Existing Repository Compatibility
When working with existing PostgreSQL deployments, always respect the current configuration and query patterns before applying these optimization recommendations.
- Profile before changing: Use
EXPLAIN ANALYZE,pg_stat_statements, andpg_stat_activityto understand the current performance baseline before proposing changes. - Existing index strategy: Review current indexes with
\di+orpg_stat_user_indexesbefore suggesting new indexes. Adding indexes speeds reads but slows writes -- confirm the trade-off. - shared_buffers sizing: If the server already has tuned memory parameters, do not blindly
override them. Verify the current cache hit ratio with
pg_stat_databasefirst. - Configuration changes: Production PostgreSQL configuration changes require careful testing on
staging, gradual rollout, and monitoring. Never recommend
ALTER SYSTEM SETwithout documenting rollback steps. - Query rewrites: Before rewriting existing queries, understand why they were written that way. ORMs, legacy compatibility, and replication topology can all impose constraints.
These recommendations apply primarily to new queries, new indexes, and fresh deployments. For existing production systems, validate all changes with representative workloads on staging.
EXPLAIN ANALYZE
The EXPLAIN ANALYZE statement is the primary tool for understanding how PostgreSQL executes a
query. Always start with EXPLAIN ANALYZE before optimizing any query.
EXPLAIN Formats
-- CORRECT: EXPLAIN with ANALYZE and BUFFERS (preferred for optimization)
EXPLAIN (ANALYZE, BUFFERS, FORMAT TEXT)
SELECT u.email, count(o.id) AS order_count
FROM users u
JOIN orders o ON o.user_id = u.id
WHERE u.created_at > '2025-01-01'
GROUP BY u.email
HAVING count(o.id) > 5
ORDER BY order_count DESC;
-- CORRECT: EXPLAIN with additional options for deep analysis
EXPLAIN (ANALYZE, BUFFERS, VERBOSE, SETTINGS, WAL, FORMAT TEXT)
SELECT * FROM orders WHERE status = 'pending';
-- CORRECT: EXPLAIN without ANALYZE (shows plan without executing)
-- Use this for destructive queries (UPDATE, DELETE)
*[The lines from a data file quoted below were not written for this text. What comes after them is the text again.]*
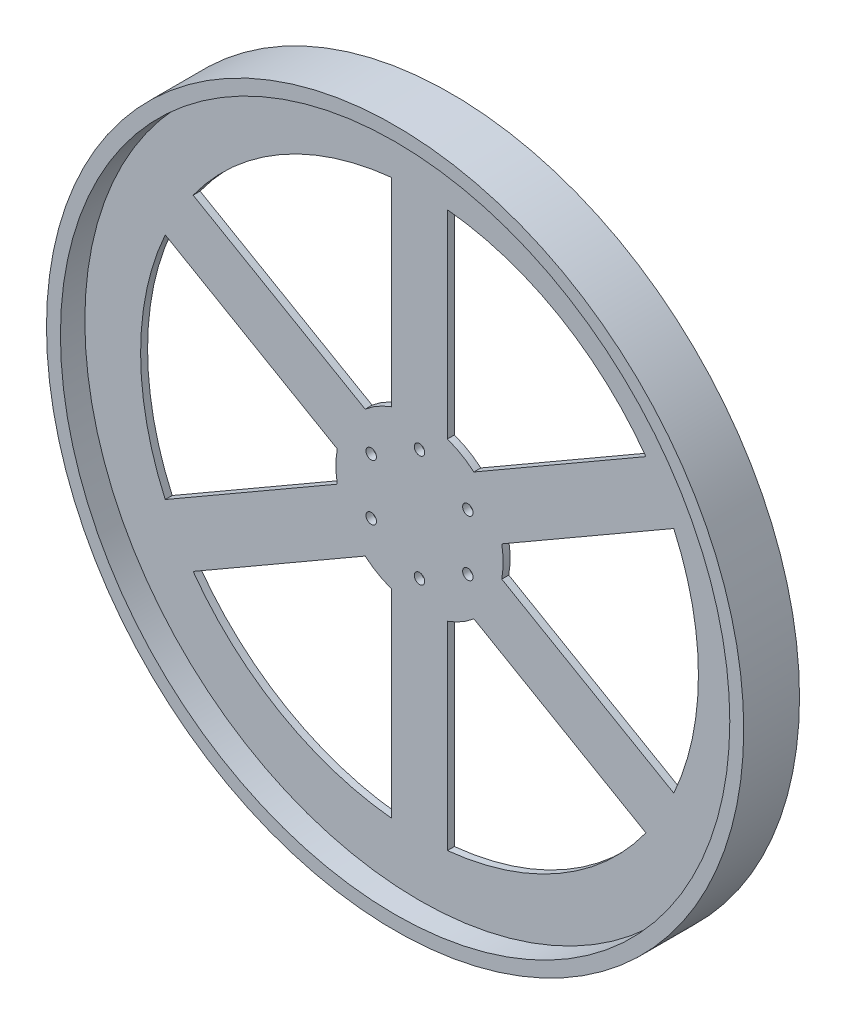
ISO-10303-21;
HEADER;
FILE_DESCRIPTION(('STEP AP214'),'2;1');
FILE_NAME('part.step','',(''),(''),'','','');
FILE_SCHEMA(('AUTOMOTIVE_DESIGN { 1 0 10303 214 1 1 1 1 }'));
ENDSEC;
DATA;
#1=APPLICATION_CONTEXT('core data for automotive mechanical design processes');
#2=APPLICATION_PROTOCOL_DEFINITION('international standard','automotive_design',2000,#1);
#3=PRODUCT_CONTEXT('',#1,'mechanical');
#4=PRODUCT('Part','Part','',(#3));
#5=PRODUCT_RELATED_PRODUCT_CATEGORY('part','',(#4));
#6=PRODUCT_DEFINITION_FORMATION('','',#4);
#7=PRODUCT_DEFINITION_CONTEXT('part definition',#1,'design');
#8=PRODUCT_DEFINITION('design','',#6,#7);
#9=PRODUCT_DEFINITION_SHAPE('','',#8);
#10=(LENGTH_UNIT() NAMED_UNIT(*) SI_UNIT(.MILLI.,.METRE.));
#11=(NAMED_UNIT(*) PLANE_ANGLE_UNIT() SI_UNIT($,.RADIAN.));
#12=(NAMED_UNIT(*) SI_UNIT($,.STERADIAN.) SOLID_ANGLE_UNIT());
#13=UNCERTAINTY_MEASURE_WITH_UNIT(LENGTH_MEASURE(1.E-05),#10,'distance_accuracy_value','');
#14=(GEOMETRIC_REPRESENTATION_CONTEXT(3) GLOBAL_UNCERTAINTY_ASSIGNED_CONTEXT((#13)) GLOBAL_UNIT_ASSIGNED_CONTEXT((#10,
#11,#12)) REPRESENTATION_CONTEXT('',''));
#15=CARTESIAN_POINT('',(0.,0.,0.));
#16=DIRECTION('',(0.,0.,1.));
#17=DIRECTION('',(1.,0.,0.));
#18=AXIS2_PLACEMENT_3D('',#15,#16,#17);
#19=CARTESIAN_POINT('',(0.,0.,-3.175));
#20=DIRECTION('',(0.,0.,1.));
#21=DIRECTION('',(1.,0.,0.));
#22=AXIS2_PLACEMENT_3D('',#19,#20,#21);
#23=CYLINDRICAL_SURFACE('',#22,76.2);
#24=DIRECTION('',(0.,0.,1.));
#25=VECTOR('',#24,1.);
#26=CARTESIAN_POINT('',(-74.9170394666928,-13.9239792281517,-3.175));
#27=LINE('',#26,#25);
#28=CARTESIAN_POINT('',(-74.9170394666928,-13.9239792281517,-3.175));
#29=VERTEX_POINT('',#28);
#30=CARTESIAN_POINT('',(-74.9170394666928,-13.9239792281517,3.175));
#31=VERTEX_POINT('',#30);
#32=EDGE_CURVE('E331',#29,#31,#27,.T.);
#33=ORIENTED_EDGE('',*,*,#32,.T.);
#34=CARTESIAN_POINT('',(0.,0.,3.175));
#35=DIRECTION('',(0.,0.,1.));
#36=DIRECTION('',(1.,0.,0.));
#37=AXIS2_PLACEMENT_3D('',#34,#35,#36);
#38=CIRCLE('',#37,76.2);
#39=CARTESIAN_POINT('',(-74.9170394666927,13.9239792281522,3.175));
#40=VERTEX_POINT('',#39);
#41=EDGE_CURVE('E245',#40,#31,#38,.T.);
#42=ORIENTED_EDGE('',*,*,#41,.F.);
#43=DIRECTION('',(0.,0.,1.));
#44=VECTOR('',#43,1.);
#45=CARTESIAN_POINT('',(-74.9170394666927,13.9239792281522,-3.175));
#46=LINE('',#45,#44);
#47=CARTESIAN_POINT('',(-74.9170394666927,13.9239792281522,-3.175));
#48=VERTEX_POINT('',#47);
#49=EDGE_CURVE('E12',#48,#40,#46,.T.);
#50=ORIENTED_EDGE('',*,*,#49,.F.);
#51=CARTESIAN_POINT('',(0.,0.,-3.175));
#52=DIRECTION('',(0.,0.,1.));
#53=DIRECTION('',(1.,0.,0.));
#54=AXIS2_PLACEMENT_3D('',#51,#52,#53);
#55=CIRCLE('',#54,76.2);
#56=EDGE_CURVE('E294',#48,#29,#55,.T.);
#57=ORIENTED_EDGE('',*,*,#56,.T.);
#58=EDGE_LOOP('',(#33,#42,#50,#57));
#59=FACE_BOUND('',#58,.T.);
#60=ADVANCED_FACE('F41',(#59),#23,.T.);
#61=CARTESIAN_POINT('',(-12.7000000000001,-21.9970452561247,-3.175));
#62=DIRECTION('',(0.500000000000004,0.866025403784436,0.));
#63=DIRECTION('',(-0.866025403784437,0.500000000000004,0.));
#64=AXIS2_PLACEMENT_3D('',#61,#62,#63);
#65=PLANE('',#64);
#66=ORIENTED_EDGE('',*,*,#49,.T.);
#67=DIRECTION('',(-0.866025403784436,0.500000000000004,0.));
#68=VECTOR('',#67,1.);
#69=CARTESIAN_POINT('',(-12.7000000000001,-21.9970452561247,3.175));
#70=LINE('',#69,#68);
#71=CARTESIAN_POINT('',(-231.567836833098,104.366359256417,3.175));
#72=VERTEX_POINT('',#71);
#73=EDGE_CURVE('E275',#40,#72,#70,.T.);
#74=ORIENTED_EDGE('',*,*,#73,.T.);
#75=DIRECTION('',(0.,0.,1.));
#76=VECTOR('',#75,1.);
#77=CARTESIAN_POINT('',(-231.567836833098,104.366359256417,-3.175));
#78=LINE('',#77,#76);
#79=CARTESIAN_POINT('',(-231.567836833098,104.366359256417,-3.175));
#80=VERTEX_POINT('',#79);
#81=EDGE_CURVE('E50',#80,#72,#78,.T.);
#82=ORIENTED_EDGE('',*,*,#81,.F.);
#83=DIRECTION('',(-0.866025403784436,0.500000000000004,0.));
#84=VECTOR('',#83,1.);
#85=CARTESIAN_POINT('',(-12.7000000000001,-21.9970452561247,-3.175));
#86=LINE('',#85,#84);
#87=EDGE_CURVE('E324',#48,#80,#86,.T.);
#88=ORIENTED_EDGE('',*,*,#87,.F.);
#89=EDGE_LOOP('',(#66,#74,#82,#88));
#90=FACE_BOUND('',#89,.T.);
#91=ADVANCED_FACE('F423',(#90),#65,.F.);
#92=CARTESIAN_POINT('',(0.,0.,-3.175));
#93=DIRECTION('',(0.,0.,1.));
#94=DIRECTION('',(1.,0.,0.));
#95=AXIS2_PLACEMENT_3D('',#92,#93,#94);
#96=CYLINDRICAL_SURFACE('',#95,254.);
#97=ORIENTED_EDGE('',*,*,#81,.T.);
#98=CARTESIAN_POINT('',(0.,0.,3.175));
#99=DIRECTION('',(0.,0.,1.));
#100=DIRECTION('',(1.,0.,0.));
#101=AXIS2_PLACEMENT_3D('',#98,#99,#100);
#102=CIRCLE('',#101,254.);
#103=CARTESIAN_POINT('',(-231.567836833099,-104.366359256416,3.175));
#104=VERTEX_POINT('',#103);
#105=EDGE_CURVE('E237',#72,#104,#102,.T.);
#106=ORIENTED_EDGE('',*,*,#105,.T.);
#107=DIRECTION('',(0.,0.,1.));
#108=VECTOR('',#107,1.);
#109=CARTESIAN_POINT('',(-231.567836833099,-104.366359256416,-3.175));
#110=LINE('',#109,#108);
#111=CARTESIAN_POINT('',(-231.567836833099,-104.366359256416,-3.175));
#112=VERTEX_POINT('',#111);
#113=EDGE_CURVE('E329',#112,#104,#110,.T.);
#114=ORIENTED_EDGE('',*,*,#113,.F.);
#115=CARTESIAN_POINT('',(0.,0.,-3.175));
#116=DIRECTION('',(0.,0.,1.));
#117=DIRECTION('',(1.,0.,0.));
#118=AXIS2_PLACEMENT_3D('',#115,#116,#117);
#119=CIRCLE('',#118,254.);
#120=EDGE_CURVE('E64',#80,#112,#119,.T.);
#121=ORIENTED_EDGE('',*,*,#120,.F.);
#122=EDGE_LOOP('',(#97,#106,#114,#121));
#123=FACE_BOUND('',#122,.T.);
#124=ADVANCED_FACE('F430',(#123),#96,.F.);
#125=CARTESIAN_POINT('',(-25.4,1.70513996829964E-13,-3.175));
#126=DIRECTION('',(1.,0.,0.));
#127=DIRECTION('',(0.,1.,0.));
#128=AXIS2_PLACEMENT_3D('',#125,#126,#127);
#129=PLANE('',#128);
#130=DIRECTION('',(0.,0.,1.));
#131=VECTOR('',#130,1.);
#132=CARTESIAN_POINT('',(-25.3999999999996,71.8420489685534,-3.175));
#133=LINE('',#132,#131);
#134=CARTESIAN_POINT('',(-25.3999999999996,71.8420489685534,-3.175));
#135=VERTEX_POINT('',#134);
#136=CARTESIAN_POINT('',(-25.3999999999996,71.8420489685534,3.175));
#137=VERTEX_POINT('',#136);
#138=EDGE_CURVE('E339',#135,#137,#133,.T.);
#139=ORIENTED_EDGE('',*,*,#138,.T.);
#140=DIRECTION('',(0.,1.,0.));
#141=VECTOR('',#140,1.);
#142=CARTESIAN_POINT('',(-25.4,1.70513996829964E-13,3.175));
#143=LINE('',#142,#141);
#144=CARTESIAN_POINT('',(-25.3999999999983,252.726809025082,3.175));
#145=VERTEX_POINT('',#144);
#146=EDGE_CURVE('E264',#137,#145,#143,.T.);
#147=ORIENTED_EDGE('',*,*,#146,.T.);
#148=DIRECTION('',(0.,0.,1.));
#149=VECTOR('',#148,1.);
#150=CARTESIAN_POINT('',(-25.3999999999983,252.726809025082,-3.175));
#151=LINE('',#150,#149);
#152=CARTESIAN_POINT('',(-25.3999999999983,252.726809025082,-3.175));
#153=VERTEX_POINT('',#152);
#154=EDGE_CURVE('E333',#153,#145,#151,.T.);
#155=ORIENTED_EDGE('',*,*,#154,.F.);
#156=DIRECTION('',(0.,1.,0.));
#157=VECTOR('',#156,1.);
#158=CARTESIAN_POINT('',(-25.4,1.70513996829964E-13,-3.175));
#159=LINE('',#158,#157);
#160=EDGE_CURVE('E313',#135,#153,#159,.T.);
#161=ORIENTED_EDGE('',*,*,#160,.F.);
#162=EDGE_LOOP('',(#139,#147,#155,#161));
#163=FACE_BOUND('',#162,.T.);
#164=ADVANCED_FACE('F524',(#163),#129,.F.);
#165=ORIENTED_EDGE('',*,*,#154,.T.);
#166=CARTESIAN_POINT('',(-206.167836833098,148.360449768666,3.175));
#167=VERTEX_POINT('',#166);
#168=EDGE_CURVE('E271',#145,#167,#102,.T.);
#169=ORIENTED_EDGE('',*,*,#168,.T.);
#170=DIRECTION('',(0.,0.,1.));
#171=VECTOR('',#170,1.);
#172=CARTESIAN_POINT('',(-206.167836833098,148.360449768666,-3.175));
#173=LINE('',#172,#171);
#174=CARTESIAN_POINT('',(-206.167836833098,148.360449768666,-3.175));
#175=VERTEX_POINT('',#174);
#176=EDGE_CURVE('E335',#175,#167,#173,.T.);
#177=ORIENTED_EDGE('',*,*,#176,.F.);
#178=EDGE_CURVE('E320',#153,#175,#119,.T.);
#179=ORIENTED_EDGE('',*,*,#178,.F.);
#180=EDGE_LOOP('',(#165,#169,#177,#179));
#181=FACE_BOUND('',#180,.T.);
#182=ADVANCED_FACE('F515',(#181),#96,.F.);
#183=CARTESIAN_POINT('',(12.7000000000001,21.9970452561247,-3.175));
#184=DIRECTION('',(0.500000000000004,0.866025403784436,0.));
#185=DIRECTION('',(-0.866025403784437,0.500000000000004,0.));
#186=AXIS2_PLACEMENT_3D('',#183,#184,#185);
#187=PLANE('',#186);
#188=ORIENTED_EDGE('',*,*,#176,.T.);
#189=DIRECTION('',(-0.866025403784437,0.500000000000004,0.));
#190=VECTOR('',#189,1.);
#191=CARTESIAN_POINT('',(12.7000000000001,21.9970452561247,3.175));
#192=LINE('',#191,#190);
#193=CARTESIAN_POINT('',(-49.5170394666925,57.9180697404016,3.175));
#194=VERTEX_POINT('',#193);
#195=EDGE_CURVE('E268',#194,#167,#192,.T.);
#196=ORIENTED_EDGE('',*,*,#195,.F.);
#197=DIRECTION('',(0.,0.,1.));
#198=VECTOR('',#197,1.);
#199=CARTESIAN_POINT('',(-49.5170394666925,57.9180697404016,-3.175));
#200=LINE('',#199,#198);
#201=CARTESIAN_POINT('',(-49.5170394666925,57.9180697404016,-3.175));
#202=VERTEX_POINT('',#201);
#203=EDGE_CURVE('E337',#202,#194,#200,.T.);
#204=ORIENTED_EDGE('',*,*,#203,.F.);
#205=DIRECTION('',(-0.866025403784437,0.500000000000004,0.));
#206=VECTOR('',#205,1.);
#207=CARTESIAN_POINT('',(12.7000000000001,21.9970452561247,-3.175));
#208=LINE('',#207,#206);
#209=EDGE_CURVE('E317',#202,#175,#208,.T.);
#210=ORIENTED_EDGE('',*,*,#209,.T.);
#211=EDGE_LOOP('',(#188,#196,#204,#210));
#212=FACE_BOUND('',#211,.T.);
#213=ADVANCED_FACE('F455',(#212),#187,.T.);
#214=CARTESIAN_POINT('',(-12.6999999999998,21.9970452561249,-3.175));
#215=DIRECTION('',(0.499999999999992,-0.866025403784443,0.));
#216=DIRECTION('',(0.866025403784443,0.499999999999992,0.));
#217=AXIS2_PLACEMENT_3D('',#214,#215,#216);
#218=PLANE('',#217);
#219=DIRECTION('',(0.,0.,1.));
#220=VECTOR('',#219,1.);
#221=CARTESIAN_POINT('',(49.5170394666932,57.9180697404009,-3.175));
#222=LINE('',#221,#220);
#223=CARTESIAN_POINT('',(49.5170394666932,57.9180697404009,-3.175));
#224=VERTEX_POINT('',#223);
#225=CARTESIAN_POINT('',(49.5170394666932,57.9180697404009,3.175));
#226=VERTEX_POINT('',#225);
#227=EDGE_CURVE('E347',#224,#226,#222,.T.);
#228=ORIENTED_EDGE('',*,*,#227,.T.);
#229=DIRECTION('',(0.866025403784443,0.499999999999992,0.));
#230=VECTOR('',#229,1.);
#231=CARTESIAN_POINT('',(-12.6999999999998,21.9970452561249,3.175));
#232=LINE('',#231,#230);
#233=CARTESIAN_POINT('',(206.1678368331,148.360449768664,3.175));
#234=VERTEX_POINT('',#233);
#235=EDGE_CURVE('E256',#226,#234,#232,.T.);
#236=ORIENTED_EDGE('',*,*,#235,.T.);
#237=DIRECTION('',(0.,0.,1.));
#238=VECTOR('',#237,1.);
#239=CARTESIAN_POINT('',(206.1678368331,148.360449768664,-3.175));
#240=LINE('',#239,#238);
#241=CARTESIAN_POINT('',(206.1678368331,148.360449768664,-3.175));
#242=VERTEX_POINT('',#241);
#243=EDGE_CURVE('E341',#242,#234,#240,.T.);
#244=ORIENTED_EDGE('',*,*,#243,.F.);
#245=DIRECTION('',(0.866025403784443,0.499999999999992,0.));
#246=VECTOR('',#245,1.);
#247=CARTESIAN_POINT('',(-12.6999999999998,21.9970452561249,-3.175));
#248=LINE('',#247,#246);
#249=EDGE_CURVE('E305',#224,#242,#248,.T.);
#250=ORIENTED_EDGE('',*,*,#249,.F.);
#251=EDGE_LOOP('',(#228,#236,#244,#250));
#252=FACE_BOUND('',#251,.T.);
#253=ADVANCED_FACE('F510',(#252),#218,.F.);
#254=ORIENTED_EDGE('',*,*,#243,.T.);
#255=CARTESIAN_POINT('',(25.4000000000016,252.726809025081,3.175));
#256=VERTEX_POINT('',#255);
#257=EDGE_CURVE('E263',#234,#256,#102,.T.);
#258=ORIENTED_EDGE('',*,*,#257,.T.);
#259=DIRECTION('',(0.,0.,1.));
#260=VECTOR('',#259,1.);
#261=CARTESIAN_POINT('',(25.4000000000016,252.726809025081,-3.175));
#262=LINE('',#261,#260);
#263=CARTESIAN_POINT('',(25.4000000000016,252.726809025081,-3.175));
#264=VERTEX_POINT('',#263);
#265=EDGE_CURVE('E343',#264,#256,#262,.T.);
#266=ORIENTED_EDGE('',*,*,#265,.F.);
#267=EDGE_CURVE('E312',#242,#264,#119,.T.);
#268=ORIENTED_EDGE('',*,*,#267,.F.);
#269=EDGE_LOOP('',(#254,#258,#266,#268));
#270=FACE_BOUND('',#269,.T.);
#271=ADVANCED_FACE('F512',(#270),#96,.F.);
#272=CARTESIAN_POINT('',(25.4,-1.60770339868252E-13,-3.175));
#273=DIRECTION('',(1.,0.,0.));
#274=DIRECTION('',(0.,1.,0.));
#275=AXIS2_PLACEMENT_3D('',#272,#273,#274);
#276=PLANE('',#275);
#277=ORIENTED_EDGE('',*,*,#265,.T.);
#278=DIRECTION('',(0.,1.,0.));
#279=VECTOR('',#278,1.);
#280=CARTESIAN_POINT('',(25.4,-1.60770339868252E-13,3.175));
#281=LINE('',#280,#279);
#282=CARTESIAN_POINT('',(25.4000000000005,71.8420489685531,3.175));
#283=VERTEX_POINT('',#282);
#284=EDGE_CURVE('E260',#283,#256,#281,.T.);
#285=ORIENTED_EDGE('',*,*,#284,.F.);
#286=DIRECTION('',(0.,0.,1.));
#287=VECTOR('',#286,1.);
#288=CARTESIAN_POINT('',(25.4000000000005,71.8420489685531,-3.175));
#289=LINE('',#288,#287);
#290=CARTESIAN_POINT('',(25.4000000000005,71.8420489685531,-3.175));
#291=VERTEX_POINT('',#290);
#292=EDGE_CURVE('E345',#291,#283,#289,.T.);
#293=ORIENTED_EDGE('',*,*,#292,.F.);
#294=DIRECTION('',(0.,1.,0.));
#295=VECTOR('',#294,1.);
#296=CARTESIAN_POINT('',(25.4,-1.60770339868252E-13,-3.175));
#297=LINE('',#296,#295);
#298=EDGE_CURVE('E309',#291,#264,#297,.T.);
#299=ORIENTED_EDGE('',*,*,#298,.T.);
#300=EDGE_LOOP('',(#277,#285,#293,#299));
#301=FACE_BOUND('',#300,.T.);
#302=ADVANCED_FACE('F506',(#301),#276,.T.);
#303=CARTESIAN_POINT('',(12.7,21.9970452561248,-3.175));
#304=DIRECTION('',(-0.499999999999998,-0.86602540378444,0.));
#305=DIRECTION('',(0.86602540378444,-0.499999999999998,0.));
#306=AXIS2_PLACEMENT_3D('',#303,#304,#305);
#307=PLANE('',#306);
#308=DIRECTION('',(0.,0.,1.));
#309=VECTOR('',#308,1.);
#310=CARTESIAN_POINT('',(74.9170394666928,-13.9239792281516,-3.175));
#311=LINE('',#310,#309);
#312=CARTESIAN_POINT('',(74.9170394666928,-13.9239792281516,-3.175));
#313=VERTEX_POINT('',#312);
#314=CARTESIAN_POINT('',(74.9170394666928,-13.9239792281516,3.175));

EXPLAIN (BUFFERS, FORMAT TEXT)
DELETE FROM sessions WHERE expires_at < now();
-- CORRECT: JSON format for programmatic analysis
EXPLAIN (ANALYZE, BUFFERS, FORMAT JSON)
SELECT * FROM orders WHERE customer_id = 42;
-- WRONG: Plain EXPLAIN without ANALYZE (estimated costs only, no actual timing)
EXPLAIN SELECT * FROM orders WHERE status = 'pending';
-- Shows estimated costs but not actual row counts or timing
Reading EXPLAIN ANALYZE Output
Sort (cost=1523.45..1525.67 rows=891 width=48)
(actual time=12.456..12.502 rows=847 loops=1)
Sort Key: order_count DESC
Sort Method: quicksort Memory: 89kB
Buffers: shared hit=1234 read=56
-> HashAggregate (cost=1480.12..1492.34 rows=891 width=48)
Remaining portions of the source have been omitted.